Regardless whether this is true or not, it is obvious that somebody in Croatia is trying to simulate the moves of The Hague Tribunal and make them exactly at the moment (like in the case of Stipetic) when this can disturb the relations between Zagreb and The Hague or discredit those in this country who are most tenaciously persisting to maintain good relations with the Tribunal. That is how a thesis appeared in the past few days, which is supported by the persons from the lists, but discreetly also by certain members of the ruling coalition, that the lists were made on the basis of Mesic's testimonies in The Hague, and that he himself is not on the list because he had “redeemed himself”, or rather bought the benevolence of the Tribunal in The Hague.
This was the climax of several-month long reproaches of Mesic that he had introduced a parallel mechanism of cooperation with The Hague – by obstructing the Government which is in charge of it – reproaches which were so persistent that Mesic declared that he was interrupting contacts with the representatives of the Tribunal and that he was passing it fully on to the Government. Although Mesic had indeed very liberally interpreted the Constitutional Law which regulates these issues, especially before Constitutional amendments limited his presidential authority, this can be understood as a defeat of Croatian policy towards the Tribunal in The Hague and an announcement that from now on it will take a changed and not always predictable course.
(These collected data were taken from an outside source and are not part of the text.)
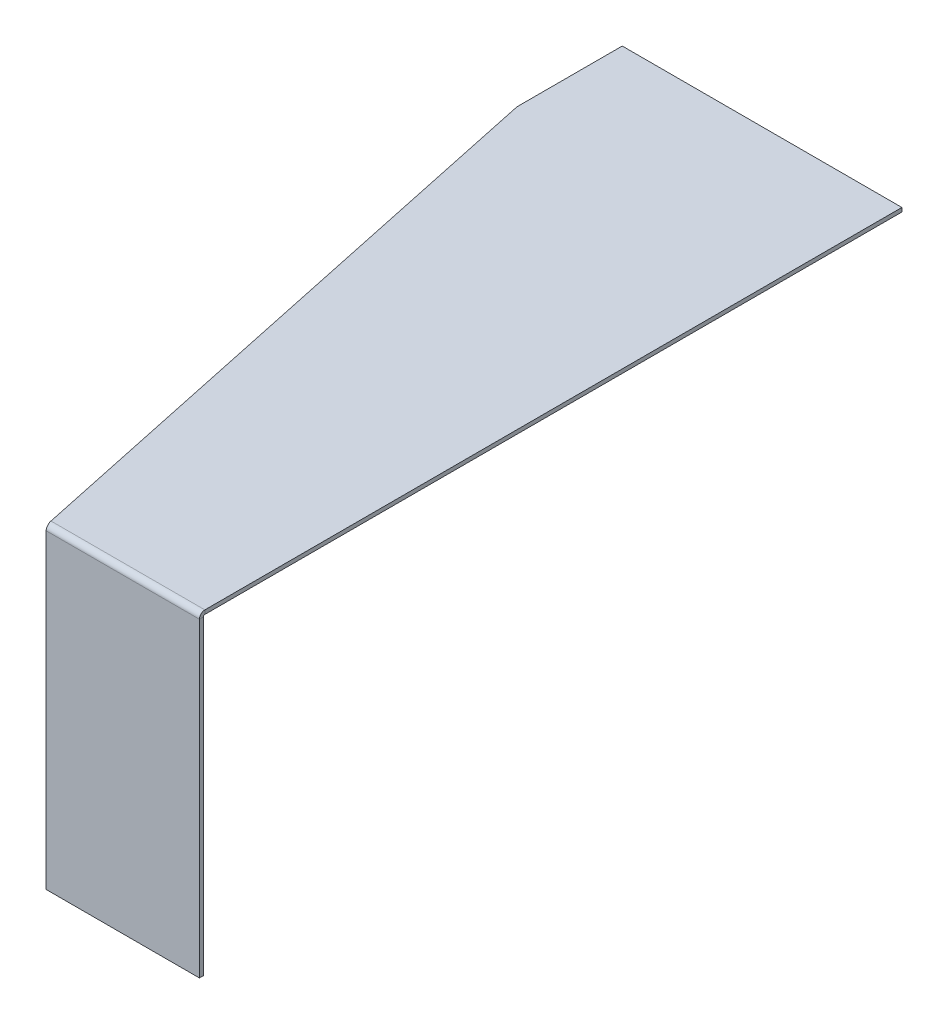
ISO-10303-21;
HEADER;
FILE_DESCRIPTION(('STEP AP214'),'2;1');
FILE_NAME('part.step','',(''),(''),'','','');
FILE_SCHEMA(('AUTOMOTIVE_DESIGN { 1 0 10303 214 1 1 1 1 }'));
ENDSEC;
DATA;
#1=APPLICATION_CONTEXT('core data for automotive mechanical design processes');
#2=APPLICATION_PROTOCOL_DEFINITION('international standard','automotive_design',2000,#1);
#3=PRODUCT_CONTEXT('',#1,'mechanical');
#4=PRODUCT('Part','Part','',(#3));
#5=PRODUCT_RELATED_PRODUCT_CATEGORY('part','',(#4));
#6=PRODUCT_DEFINITION_FORMATION('','',#4);
#7=PRODUCT_DEFINITION_CONTEXT('part definition',#1,'design');
#8=PRODUCT_DEFINITION('design','',#6,#7);
#9=PRODUCT_DEFINITION_SHAPE('','',#8);
#10=(LENGTH_UNIT() NAMED_UNIT(*) SI_UNIT(.MILLI.,.METRE.));
#11=(NAMED_UNIT(*) PLANE_ANGLE_UNIT() SI_UNIT($,.RADIAN.));
#12=(NAMED_UNIT(*) SI_UNIT($,.STERADIAN.) SOLID_ANGLE_UNIT());
#13=UNCERTAINTY_MEASURE_WITH_UNIT(LENGTH_MEASURE(1.E-05),#10,'distance_accuracy_value','');
#14=(GEOMETRIC_REPRESENTATION_CONTEXT(3) GLOBAL_UNCERTAINTY_ASSIGNED_CONTEXT((#13)) GLOBAL_UNIT_ASSIGNED_CONTEXT((#10,
#11,#12)) REPRESENTATION_CONTEXT('',''));
#15=CARTESIAN_POINT('',(0.,0.,0.));
#16=DIRECTION('',(0.,0.,1.));
#17=DIRECTION('',(1.,0.,0.));
#18=AXIS2_PLACEMENT_3D('',#15,#16,#17);
#19=CARTESIAN_POINT('',(-77.3703673668212,0.627322450556078,354.452092833276));
#20=DIRECTION('',(1.,0.,0.));
#21=DIRECTION('',(0.,1.,0.));
#22=AXIS2_PLACEMENT_3D('',#19,#20,#21);
#23=PLANE('',#22);
#24=DIRECTION('',(0.,-1.,0.));
#25=VECTOR('',#24,1.);
#26=CARTESIAN_POINT('',(-77.3703673668212,0.627322450556078,354.452092833276));
#27=LINE('',#26,#25);
#28=CARTESIAN_POINT('',(-77.3703673668212,-0.736599999999921,354.452092833276));
#29=VERTEX_POINT('',#28);
#30=CARTESIAN_POINT('',(-77.3703673668214,-157.506625406837,354.452092833275));
#31=VERTEX_POINT('',#30);
#32=EDGE_CURVE('E92',#29,#31,#27,.T.);
#33=ORIENTED_EDGE('',*,*,#32,.F.);
#34=DIRECTION('',(0.,0.,-1.));
#35=VECTOR('',#34,1.);
#36=CARTESIAN_POINT('',(-77.3703673668212,-0.736599999999976,354.452092833276));
#37=LINE('',#36,#35);
#38=CARTESIAN_POINT('',(-77.3703673668212,-0.736599999999976,352.452092833276));
#39=VERTEX_POINT('',#38);
#40=EDGE_CURVE('E12',#29,#39,#37,.T.);
#41=ORIENTED_EDGE('',*,*,#40,.T.);
#42=DIRECTION('',(0.,-1.,0.));
#43=VECTOR('',#42,1.);
#44=CARTESIAN_POINT('',(-77.3703673668212,0.627322450556078,352.452092833276));
#45=LINE('',#44,#43);
#46=CARTESIAN_POINT('',(-77.3703673668214,-157.506625406837,352.452092833275));
#47=VERTEX_POINT('',#46);
#48=EDGE_CURVE('E105',#39,#47,#45,.T.);
#49=ORIENTED_EDGE('',*,*,#48,.T.);
#50=DIRECTION('',(0.,0.,-1.));
#51=VECTOR('',#50,1.);
#52=CARTESIAN_POINT('',(-77.3703673668214,-157.506625406837,354.452092833275));
#53=LINE('',#52,#51);
#54=EDGE_CURVE('E329',#31,#47,#53,.T.);
#55=ORIENTED_EDGE('',*,*,#54,.F.);
#56=EDGE_LOOP('',(#33,#41,#49,#55));
#57=FACE_BOUND('',#56,.T.);
#58=ADVANCED_FACE('F89',(#57),#23,.F.);
#59=CARTESIAN_POINT('',(-2.24104759925885E-13,-157.506625406837,354.452092833275));
#60=DIRECTION('',(-1.,0.,0.));
#61=DIRECTION('',(0.,-1.,0.));
#62=AXIS2_PLACEMENT_3D('',#59,#60,#61);
#63=PLANE('',#62);
#64=DIRECTION('',(0.,1.,0.));
#65=VECTOR('',#64,1.);
#66=CARTESIAN_POINT('',(-2.2696394522702E-13,-157.506625406837,352.452092833275));
#67=LINE('',#66,#65);
#68=CARTESIAN_POINT('',(-2.2696394522702E-13,-157.506625406837,352.452092833275));
#69=VERTEX_POINT('',#68);
#70=CARTESIAN_POINT('',(0.,-0.736600000000032,352.452092833276));
#71=VERTEX_POINT('',#70);
#72=EDGE_CURVE('E112',#69,#71,#67,.T.);
#73=ORIENTED_EDGE('',*,*,#72,.T.);
#74=DIRECTION('',(0.,0.,1.));
#75=VECTOR('',#74,1.);
#76=CARTESIAN_POINT('',(0.,-0.736600000000032,354.452092833276));
#77=LINE('',#76,#75);
#78=CARTESIAN_POINT('',(0.,-0.736599999999881,354.452092833276));
#79=VERTEX_POINT('',#78);
#80=EDGE_CURVE('E343',#71,#79,#77,.T.);
#81=ORIENTED_EDGE('',*,*,#80,.T.);
#82=DIRECTION('',(0.,1.,0.));
#83=VECTOR('',#82,1.);
#84=CARTESIAN_POINT('',(-2.24104759925885E-13,-157.506625406837,354.452092833275));
#85=LINE('',#84,#83);
#86=CARTESIAN_POINT('',(-2.24104759925885E-13,-157.506625406837,354.452092833275));
#87=VERTEX_POINT('',#86);
#88=EDGE_CURVE('E332',#87,#79,#85,.T.);
#89=ORIENTED_EDGE('',*,*,#88,.F.);
#90=DIRECTION('',(0.,0.,-1.));
#91=VECTOR('',#90,1.);
#92=CARTESIAN_POINT('',(-2.24104759925885E-13,-157.506625406837,354.452092833275));
#93=LINE('',#92,#91);
#94=EDGE_CURVE('E333',#87,#69,#93,.T.);
#95=ORIENTED_EDGE('',*,*,#94,.T.);
#96=EDGE_LOOP('',(#73,#81,#89,#95));
#97=FACE_BOUND('',#96,.T.);
#98=ADVANCED_FACE('F316',(#97),#63,.F.);
#99=CARTESIAN_POINT('',(5.03862921591622E-13,353.706737734388,352.452092833277));
#100=DIRECTION('',(0.,0.,1.));
#101=DIRECTION('',(0.,-1.,0.));
#102=AXIS2_PLACEMENT_3D('',#99,#100,#101);
#103=PLANE('',#102);
#104=ORIENTED_EDGE('',*,*,#48,.F.);
#105=DIRECTION('',(1.,0.,0.));
#106=VECTOR('',#105,1.);
#107=CARTESIAN_POINT('',(2.51456863316356E-13,-0.736600000000032,352.452092833276));
#108=LINE('',#107,#106);
#109=EDGE_CURVE('E97',#39,#71,#108,.T.);
#110=ORIENTED_EDGE('',*,*,#109,.T.);
#111=ORIENTED_EDGE('',*,*,#72,.F.);
#112=DIRECTION('',(1.,0.,0.));
#113=VECTOR('',#112,1.);
#114=CARTESIAN_POINT('',(-77.3703673668214,-157.506625406837,352.452092833275));
#115=LINE('',#114,#113);
#116=EDGE_CURVE('E336',#47,#69,#115,.T.);
#117=ORIENTED_EDGE('',*,*,#116,.F.);
#118=EDGE_LOOP('',(#104,#110,#111,#117));
#119=FACE_BOUND('',#118,.T.);
#120=ADVANCED_FACE('F310',(#119),#103,.F.);
#121=CARTESIAN_POINT('',(-77.3703673668214,-157.506625406837,354.452092833275));
#122=DIRECTION('',(0.,1.,0.));
#123=DIRECTION('',(-1.,0.,0.));
#124=AXIS2_PLACEMENT_3D('',#121,#122,#123);
#125=PLANE('',#124);
#126=ORIENTED_EDGE('',*,*,#116,.T.);
#127=ORIENTED_EDGE('',*,*,#94,.F.);
#128=DIRECTION('',(1.,0.,0.));
#129=VECTOR('',#128,1.);
#130=CARTESIAN_POINT('',(-77.3703673668214,-157.506625406837,354.452092833275));
#131=LINE('',#130,#129);
#132=EDGE_CURVE('E331',#31,#87,#131,.T.);
#133=ORIENTED_EDGE('',*,*,#132,.F.);
#134=ORIENTED_EDGE('',*,*,#54,.T.);
#135=EDGE_LOOP('',(#126,#127,#133,#134));
#136=FACE_BOUND('',#135,.T.);
#137=ADVANCED_FACE('F306',(#136),#125,.F.);
#138=CARTESIAN_POINT('',(5.06722106892757E-13,353.706737734388,354.452092833277));
#139=DIRECTION('',(0.,0.,1.));
#140=DIRECTION('',(0.,-1.,0.));
#141=AXIS2_PLACEMENT_3D('',#138,#139,#140);
#142=PLANE('',#141);
#143=DIRECTION('',(1.,0.,0.));
#144=VECTOR('',#143,1.);
#145=CARTESIAN_POINT('',(2.54316048617491E-13,-0.736600000000032,354.452092833276));
#146=LINE('',#145,#144);
#147=EDGE_CURVE('E345',#29,#79,#146,.T.);
#148=ORIENTED_EDGE('',*,*,#147,.F.);
#149=ORIENTED_EDGE('',*,*,#32,.T.);
#150=ORIENTED_EDGE('',*,*,#132,.T.);
#151=ORIENTED_EDGE('',*,*,#88,.T.);
#152=EDGE_LOOP('',(#148,#149,#150,#151));
#153=FACE_BOUND('',#152,.T.);
#154=ADVANCED_FACE('F309',(#153),#142,.T.);
#155=CARTESIAN_POINT('',(-141.102892553405,2.,0.));
#156=DIRECTION('',(1.,0.,0.));
#157=DIRECTION('',(0.,0.,-1.));
#158=AXIS2_PLACEMENT_3D('',#155,#156,#157);
#159=PLANE('',#158);
#160=DIRECTION('',(0.,0.,1.));
#161=VECTOR('',#160,1.);
#162=CARTESIAN_POINT('',(-141.102892553405,0.,0.));
#163=LINE('',#162,#161);
#164=CARTESIAN_POINT('',(-141.102892553405,0.,0.));
#165=VERTEX_POINT('',#164);
#166=CARTESIAN_POINT('',(-141.102892553405,0.,53.0530579219572));
#167=VERTEX_POINT('',#166);
#168=EDGE_CURVE('E275',#165,#167,#163,.T.);
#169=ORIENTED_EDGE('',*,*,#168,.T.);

On the right wing of the political scene it was understood as opening of a new maoeuvring space, so Vladimir Seks is noisily announcing that whole of HDZ was proclaimed a criminal organisation in The Hague.
This is, of course, far from probable, because the Tribunal does not try states so it is even less probable that it will do that to political parties, but this is obviously an attempt to deprive it even of the right to try criminal members of these parties.